Pagi ini Salsa telah selesai meminta tanda tangan dosen pembimbingnya. Salsa lega akhirnya sebentar lagi ia akan menjalani sidang tugas akhir untuk menyelesaikan kuliahnya, tapi sayang ia harus mengurungkan niatnya untuk melanjutkan belajarnya meraih gelar master karena harus menjalani kembali pengobatan untuk kesembuhan trauma masa lalunya. Tentu saja Salsa tidak mau terus-menerus mengalami trauma yang berkepanjangan. Terlebih kedepannya Reza akan melamar Salsa dan mempersuntingnya sebagai Istri.


"Heiii Ca, ko bengong sih? Bae-bae lu kemaren ayam tetangga gue pada mati gara-gara bengong." Suara Anna membuyarkan lamunannya.


"Ahhh massaaa? Ayam siapa? Tetangga lu yang di Belanda? Tetangga lu kan tetangga gue juga." Salsa tertawa membuat bibir Anna menjadi maju 15cm.


Saking asyiknya berbincang-bincang Anna hampir tidak menyadari keberadaan Bang Sam. Bang Sam berjalan sudah sampai pintu kantin dan akan menghampiri Anna dan Salsa. Keberadaan Bang Sam yang tiba-tiba membuat Anna panik tak karuan.


Kenapa harus datang tiba-tiba? Sementara gue belum punya persiapan apa-apa. Anna


Bang Sam menyapa Anna membuat semua urat groginya keluar. Yang disapa hanya nyengir enggan membalas. Mendadak Salsa ingat bahwa ia melupakan satu buku yang tertinggal di meja penjaga perpustakaan. Salsa terpaksa harus meninggalkan Anna dan Bang Sam. Bagaimanapun mereka harus punya waktu berdua dan ini kesempatan bagus itulah yang dipikirkan oleh Salsa.

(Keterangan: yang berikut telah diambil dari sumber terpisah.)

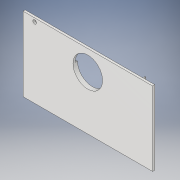
# Autodesk Inventor part: base
Saved by Autodesk Inventor 2019 (Build 230136000, 136)
## iProperties
Created: 2020-03-02
Part Number: base
Material: Acetal Resin, White
Document SubType Name: Sheet Metal
Designer: PRAVEEN
Density: 1.425 g/cm^3
Sheet Metal Rule: Default_mm
Appearance: Smooth - White
Author: PRAVEEN
Autodesk Inventor part; units mm, degrees
ref_plane "YZ Plane" through (0, 0, 0) normal (1, 0, 0) x (0, 1, 0)
ref_plane "XZ Plane" through (0, 0, 0) normal (0, 1, 0) x (-1, 0, 0)
ref_plane "XY Plane" through (0, 0, 0) normal (0, 0, 1) x (1, 0, 0)
sketch "Sketch1" plane through (0, 0, 0) normal (0, 0, 1) x (1, 0, 0)
  line L0 (0, 0) -> (700, 0)
  line L1 (700, 0) -> (700, -400)
  line L2 (700, -400) -> (0, -400)
  line L3 (0, -400) -> (0, 0)
  dimension "d0" = 700
  dimension "d1" = 400
  constraints: 8 end point, 2 parallel, 1 horizontal, 1 perpendicular
  measures "d0" distance of L1.end L2.end
  measures "d1" distance of L0.end L1.end
extrude "Extrusion1" add sketch "Sketch1" along normal blind 12
sketch "Sketch2" plane through (0, 0, 0) normal (0, 0, -1) x (-1, 0, 0)
  circle A0 centre (-350, -200) radius 80
  point P0 (0, 0)
  dimension "d4" = 160
  constraints: 1 centre point
  measures "d4" diameter of A0
extrude "Extrusion2" cut sketch "Sketch2" against normal blind 12
sketch "Sketch3" plane through (0, 0, 0) normal (0, 0, -1) x (-1, 0, 0)
  arc A0 (-430, -200) -> (-270, -200) centre (-350, -200) ccw
  line L0 (-270, -200) -> (-270, 0)
  line L1 (-430, -200) -> (-430, 0)
  line L2 (-265, 0) -> (-265, -200)
  arc A1 (-435, -200) -> (-265, -200) centre (-350, -200) ccw
  line L3 (-435, -200) -> (-435, 0)
  line L4 (-65, 0) -> (-65, -200)
  arc A2 (-635, -200) -> (-65, -200) centre (-350, -200) ccw
  line L5 (-635, -200) -> (-635, 0)
  line L6 (-60, 0) -> (-60, -200)
  arc A3 (-640, -200) -> (-60, -200) centre (-350, -200) ccw
  line L7 (-640, -200) -> (-640, 0)
  line L8 (-60, 0) -> (-65, 0)
  line L9 (-700, 0) -> (0, 0) projected
  line L10 (-430, 0) -> (-435, 0)
  line L11 (-635, 0) -> (-640, 0)
  line L12 (-265, 0) -> (-270, 0)
  dimension "d7" = 5
  dimension "d8" = 200
  dimension "d9" = 5
  constraints: 24 end point, 8 point on circle, 4 centre point, 3 collinear, 2 vertical, 1 coincident, 1 horizontal, 1 tangent, 7 other
  measures "d7" distance between parallel lines of L0 L2
  measures "d8" radial gap between concentric circles of A1 A2
  measures "d9" radial gap between concentric circles of A2 A3
extrude "Extrusion3" add sketch "Sketch3" along normal blind 12 contours A0 L0 L9 L2 A1 L3 L1 | L5 A2 L4 L8 L6 A3 L7 L9
sketch "Sketch4" plane through (700, -400, 0) normal (1, 0, 0) x (0, 0, -1)
  line L0 (0, 0) -> (-12, 0) projected
  line L1 (0, 0) -> (-12, 0)
  line L2 (-12, 0) -> (-12, -90)
  line L3 (-12, -90) -> (0, -90)
  line L4 (0, -90) -> (0, 0)
  point P0 (0, 400)
  dimension "d12" = 90
  constraints: 8 end point, 2 parallel, 1 horizontal, 1 perpendicular
  measures "d12" distance of L2.end L1.end
extrude "Extrusion4" add sketch "Sketch4" against normal blind 700
sketch "Sketch5" plane through (700, 0, 12) normal (1, 0, 0) x (0, 0, -1)
  line L0 (12, 0) -> (0, 0) projected
  line L1 (0, 0) -> (88.8281, 0)
  line L2 (88.8281, 0) -> (88.8281, -90)
  line L3 (88.8281, -90) -> (0, -90)
  line L4 (0, -90) -> (0, 0)
  dimension "d15" = 90
  constraints: 8 end point, 2 parallel, 1 horizontal, 1 perpendicular
  measures "d15" distance of L1.end L2.end
extrude "Extrusion5" cut sketch "Sketch5" against normal blind 10000
sketch "Sketch6" plane through (0, -490, 0) normal (-1, 0, 0) x (0, 0, 1)
  line L0 (0, 290) -> (0, 400) projected
  line L1 (0, 400) -> (-31.175, 400)
  line L2 (-31.175, 400) -> (-31.175, 290)
  line L3 (-31.175, 290) -> (0, 290)
  line L4 (0, 290) -> (0, 400)
  point P0 (0, 490)
  constraints: 8 end point, 2 parallel, 1 horizontal, 1 perpendicular
extrude "Extrusion6" cut sketch "Sketch6" against normal blind 500
sketch "Sketch7" plane through (0, 0, 0) normal (0, 0, -1) x (-1, 0, 0)
  circle A0 centre (-52.4557, -179.1018) radius 2.5
  circle A1 centre (-52.4557, -169.2668) radius 2.5
  point P0 (0, 0)
  dimension "d20" = 5
  dimension "d21" = 5
  constraints: 2 centre point
  measures "d20" diameter of A0
  measures "d21" diameter of A1
extrude "Extrusion7" add sketch "Sketch7" along normal blind 7
fillet "Fillet1" radius 2.5 2 edges at (54.9557, -169.2668, -7) (54.9557, -179.1018, -7)
fillet "Fillet2" radius 0.1 2 edges at (54.9557, -169.2668, 0) (54.9557, -179.1018, 0)
sketch "Sketch8" plane through (0, 0, 0) normal (0, 0, -1) x (-1, 0, 0)
  circle A0 centre (-63.0207, -108.7531) radius 10
  point P0 (0, 0)
  dimension "d26" = 20
  constraints: 1 centre point
  measures "d26" diameter of A0
extrude "Extrusion8" cut sketch "Sketch8" against normal blind 20
equation "\"BendRadius\" = Thickness"
equation "\"BendReliefWidth\" = Thickness"
equation "\"BendReliefDepth\" = 0.5 * Thickness"
equation "\"CornerReliefSize\" = 4 * Thickness"
equation "\"MinimumRemnant\" = 2 * Thickness"
equation "\"TransitionRadius\" = BendRadius"
equation "\"JacobiRadiusSize\" = BendRadius"
equation "\"GapSize\" = Thickness"
equation "\"Thickness\" = 0.5"
body "Solid1"

"Gue tinggal dulu yah Bang sebentar. Lo temenin Anna dulu."


Anna menarik-narik ujung baju Salsa, mengisyaratkan agar tidak pergi meninggalkannya berduaan dengan Bang Sam.


"Sebentar ada buku yang ketinggalan diperpustakaan tadi." Salsa langsung ngeluyur pergi meninggalkan mereka berdua. Salsa Tak menghiraukan Anna yang merengek ingin ikut.


Kini hanya ada Anna dan Bang Sam di meja. Jantung Anna berdegup tak beraturan. Bagi Anna lebih baik ia di suruh berlari mengelilingi lapangan sepuluh kali dari pada jantungnya harus berdegup karena setruman energi dari orang yang dia suka. Lama tak ada suara diantara mereka, hingga pada akhirnya suara merdu yang tak dirindukan memaksa keluar tak tertahan.


"Tuuuuuutttt...."


Suara yang cukup nyaring datang memecah keheningan.


Wajah Anna bersemu merah.


Aaaaaa memalukan sekali, kenapa harus keluar di saat-saat seperti ini sih? Anna.


Sebenarnya kebiasaan Anna ini sudah sering muncul, entah kenapa setiap kali dia merasa gugup pasti tiba-tiba saja bunyi itu datang tanpa memberi aba-aba terlebih dahulu. Anna sudah menahan mati-matian sedari tadi tapi apa daya namanya angin lebih besar kekuatannya.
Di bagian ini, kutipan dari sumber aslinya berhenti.